Personal information
- Nationality: Indian
- Born: 16 January 2004 (age 22) Ladwa, Kurukshetra, Haryana, India
- Height: 1.58 m (5 ft 2 in)

Sport
- Country: India
- Sport: shooting

Medal record
Women's shooting
Representing India
World Championships
| Gold medal – first place | 2023 Baku | 10 m air rifle team |
| Gold medal – first place | 2022 Cairo | 10 m air rifle junior |
| Gold medal – first place | 2022 Cairo | 10 m air rifle junior team |
ISSF World Cup
| Gold medal – first place | 2022 Baku | 10 m air rifle team |
| Silver medal – second place | 2022 Changwon | 10 m air rifle team |
Asian Shooting Championships
| Silver medal – second place | 2023 Changwon | 10 m air rifle mixed team |
| Bronze medal – third place | 2023 Changwon | 10 m air rifle |
| Bronze medal – third place | 2023 Changwon | 10 m air rifle team |
Asian Games
| Silver medal – second place | 2022 Hangzhou | 10m air rifle team |
| Bronze medal – third place | 2022 Hangzhou | 10 m air rifle |
ISSF Junior World Championships
| Bronze medal – third place | 2021 Lima | 10 m air rifle |

= Ramita Jindal =

Indian sport shooter (born 2004)

Ramita Jindal (born 16 January 2004) is an Indian sport shooter.
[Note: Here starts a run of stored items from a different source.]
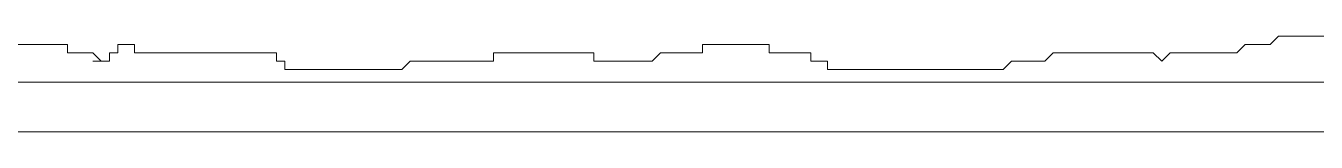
# Model space of a CAD drawing. Extents: x 775040 to 808375, y 4159409 to 4163651.
# Drawn here: x 785035 to 785086.9, y 4162395.9 to 4162399.8 of the extents above; entities that cross this region are included whole.
import ezdxf

# ---------------------------------------------------------------- set-up
doc = ezdxf.new("R2010")
doc.units = 0
doc.header["$MEASUREMENT"] = 0
doc.layers.add('Z_tefriş', color=73, linetype='Continuous', lineweight=5)

# ---------------------------------------------------------------- blocks, each defined once
blk = doc.blocks.new('YATAK 2')
at = {"layer": 'Z_tefriş'}
for p, q in [((-8553.915, 16917.345), (-8553.915, 17107.345)), ((-8555.915, 17095.345), (-8555.915, 16929.345)), ((-8557.425, 17041.285), (-8557.425, 17038.26)), ((-8557.425, 17038.26), (-8557.089, 17038.26)), ((-8557.089, 17038.26), (-8557.089, 17037.252)), ((-8557.089, 17037.252), (-8556.753, 17036.916)), ((-8556.753, 17037.252), (-8556.753, 17036.58)), ((-8557.425, 17036.244), (-8557.425, 17035.572)), ((-8557.089, 17036.244), (-8557.425, 17036.244)), ((-8557.089, 17036.58), (-8557.089, 17036.244)), ((-8556.753, 17036.58), (-8557.089, 17036.58)), ((-8557.425, 17035.572), (-8557.089, 17035.572)), ((-8557.089, 17035.572), (-8557.089, 17029.859)), ((-8557.089, 17029.859), (-8556.753, 17029.859)), ((-8556.753, 17029.859), (-8556.753, 17029.523)), ((-8556.753, 17029.523), (-8556.416, 17029.523)), ((-8556.416, 17029.523), (-8556.416, 17024.818)), ((-8556.416, 17024.818), (-8556.753, 17024.482)), ((-8556.753, 17024.482), (-8556.753, 17021.122)), ((-8557.089, 17021.122), (-8557.089, 17017.089)), ((-8556.753, 17021.122), (-8557.089, 17021.122)), ((-8557.089, 17017.089), (-8556.753, 17017.089)), ((-8556.753, 17017.089), (-8556.753, 17014.737)), ((-8556.753, 17014.737), (-8557.089, 17014.401)), ((-8557.089, 17014.401), (-8557.089, 17012.72)), ((-8557.425, 17012.72), (-8557.425, 17010.032)), ((-8557.089, 17012.72), (-8557.425, 17012.72)), ((-8557.425, 17010.032), (-8557.089, 17010.032)), ((-8557.089, 17010.032), (-8557.089, 17008.352)), ((-8557.089, 17008.352), (-8556.753, 17008.352)), ((-8556.753, 17008.352), (-8556.753, 17007.68)), ((-8556.753, 17007.68), (-8556.416, 17007.68)), ((-8556.416, 17007.68), (-8556.416, 17000.622)), ((-8556.416, 17000.622), (-8556.753, 17000.286)), ((-8556.753, 17000.286), (-8556.753, 16998.942)), ((-8556.753, 16998.942), (-8557.089, 16998.606)), ((-8557.089, 16998.606), (-8557.089, 16994.574)), ((-8557.089, 16994.574), (-8556.753, 16994.237)), ((-8556.753, 16994.237), (-8557.089, 16993.901)), ((-8557.089, 16993.901), (-8557.089, 16991.213)), ((-8557.089, 16991.213), (-8557.425, 16990.877)), ((-8557.425, 16990.877), (-8557.425, 16989.869)), ((-8557.425, 16989.869), (-8557.762, 16989.533)), ((-8557.762, 16989.533), (-8557.762, 16986.508))]:
    blk.add_line(p, q, dxfattribs=at)

msp = doc.modelspace()

# ---------------------------------------------------------------- block references
at = {"layer": 'Z_tefriş', "xscale": -1, "rotation": 90}
msp.add_blockref('YATAK 2', (802074.949, 4153842.02), dxfattribs=at)

doc.saveas('drawing.dxf')
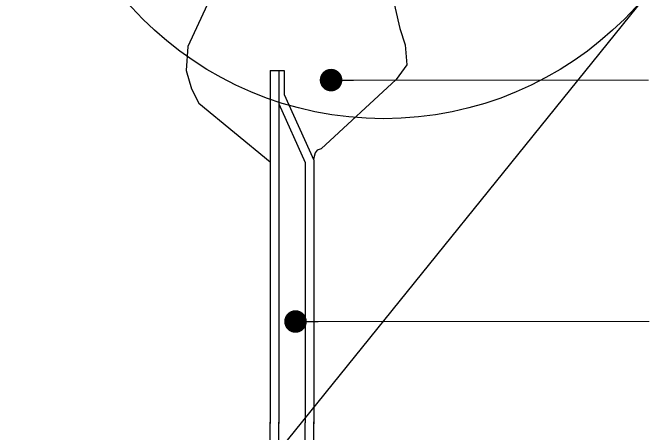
# Model space of a CAD drawing. Header units: millimetres. Extents: x 1448 to 104164, y -19509 to -89.
# Drawn here: x 103121.1 to 103349.1, y -1129.5 to -980.5 of the extents above; entities that cross this region are included whole.
import ezdxf

# ---------------------------------------------------------------- set-up
doc = ezdxf.new("R2010")
doc.units = ezdxf.units.MM
doc.header["$LTSCALE"] = 60
doc.header["$MEASUREMENT"] = 0
doc.layers.get('0').update_dxf_attribs({"linetype": 'CONTINUOUS'})
doc.layers.add('2', color=3, linetype='CONTINUOUS')
doc.layers.add('ITXT', color=7, linetype='CONTINUOUS')
doc.styles.add('0T-OUT', font='H2GTRE.TTF')
doc.dimstyles.new('MAIN', dxfattribs={"dimtxt": 1.5, "dimasz": 0.5, "dimexe": 1, "dimexo": 2, "dimgap": 1, "dimtad": 1, "dimdec": 0, "dimdsep": 46, "dimlunit": 6, "dimtxsty": '0T-OUT', "dimblk": 'DOT', "dimcen": 2.5, "dimdle": 2, "dimclrd": 256, "dimclre": 256, "dimclrt": 3, "dimadec": 0, "dimazin": 0, "dimtfac": 1, "dimtdec": 0, "dimtix": 1, "dimtmove": 2, "dimatfit": 3, "dimldrblk": 'DOT', "dimfxl": 1, "dimtvp": 1, "dimtolj": 1, "dimtzin": 0, "dimlwd": 0, "dimlwe": 0, "dimarcsym": 0})

# ---------------------------------------------------------------- blocks, each defined once
blk = doc.blocks.new('WINDOW')
at = {"color": 7, "ltscale": 0.3}
for p, q in [((10685.97, 479635.17), (10684.47, 479634.09)), ((10684.47, 479634.09), (10683.97, 479634.09))]:
    blk.add_line(p, q, dxfattribs=at)
at = {"layer": 'ITXT', "color": 4}
for p, q in [((10650.64, 479924.13), (10650.64, 479798.94)), ((10650.64, 479924.13), (10655.52, 479924.13)), ((10653.68, 479924.13), (10653.68, 479798.94)), ((10655.52, 479924.13), (10655.52, 479915.58)), ((10655.52, 479915.58), (10666.09, 479892.24)), ((10653.68, 479912.29), (10663.05, 479891.46)), ((10666.09, 479892.24), (10666.09, 479798.83)), ((10663.05, 479891.46), (10663.05, 479799.13)), ((10650.64, 479674.13), (10650.64, 479799.32)), ((10653.68, 479674.13), (10653.68, 479799.32)), ((10663.05, 479706.79), (10663.05, 479799.13)), ((10666.09, 479706.02), (10666.09, 479799.43)), ((10653.68, 479685.97), (10663.05, 479706.79)), ((10655.52, 479682.67), (10666.09, 479706.02)), ((10655.52, 479674.13), (10655.52, 479682.67)), ((10650.64, 479674.13), (10655.52, 479674.13))]:
    blk.add_line(p, q, dxfattribs=at)
at = {"layer": 'ITXT', "color": 7}
for points in [[(10635.97, 479964.11), (10621.45, 479932.55), (10620.8, 479924.13), (10622.74, 479917.65), (10625.33, 479912.47), (10650.56, 479891.75)], [(10685.97, 479963.08), (10691.96, 479959.2), (10696.49, 479939.02), (10698.43, 479933.19), (10699.08, 479926.07), (10695.2, 479920.89), (10668.68, 479896.29)], [(10668.68, 479896.29), (10667.3, 479895.89), (10666.53, 479894.94), (10665.91, 479892.63)], [(10635.97, 479634.14), (10621.45, 479665.71), (10620.8, 479674.13), (10622.74, 479680.6), (10625.33, 479685.78), (10650.56, 479706.5)], [(10668.68, 479701.97), (10667.3, 479702.36), (10666.53, 479703.32), (10665.91, 479705.63)], [(10685.97, 479635.17), (10691.96, 479639.06), (10696.49, 479659.24), (10698.43, 479665.06), (10699.08, 479672.19), (10695.2, 479677.37), (10668.68, 479701.97)]]:
    blk.add_lwpolyline(points, dxfattribs=at)
blk = doc.blocks.new('_Dot')
at = {"color": 0, "linetype": 'ByBlock', "lineweight": -2}
blk.add_line((-0.5, 0), (-1, 0), dxfattribs=at)
at = {"color": 0, "linetype": 'ByBlock', "const_width": 0.5}
blk.add_lwpolyline([(-0.25, 0, 1), (0.25, 0, 1)], format="xyb", close=True, dxfattribs=at)

msp = doc.modelspace()

# ---------------------------------------------------------------- linework, layer by layer
msp.add_line((103346.44, -973.07), (103048.57, -1342.38))
msp.add_circle((103252.48, -897.29), 120.71)

# ---------------------------------------------------------------- block references
at = {"layer": '2'}
msp.add_blockref('WINDOW', (92561.69, -480925), dxfattribs=at)

# ---------------------------------------------------------------- leaders
for points in [[(103233.87, -1004.31), (103346.4, -1004.31)], [(103221.27, -1089.94), (103346.6, -1089.94)]]:
    msp.add_leader(points, dimstyle='MAIN', override={"dimscale": 4, "dimasz": 2, "dimtad": 0})

doc.saveas('drawing.dxf')

She won a silver medal in the women's 10 metre air rifle team event and a bronze medal in the women's 10 metre air rifle event at the 2022 Asian Games. She is a student of Hansraj College, Delhi University.

==Career==
In the Indian Olympic selection trials in 2024, she scored 636.4 points, 0.1 more than the world record. With a score of 631.5 in the qualification round, she came fifth and made it to the finals of the women's 10 metre air rifle event at the 2024 Summer Olympics in Paris.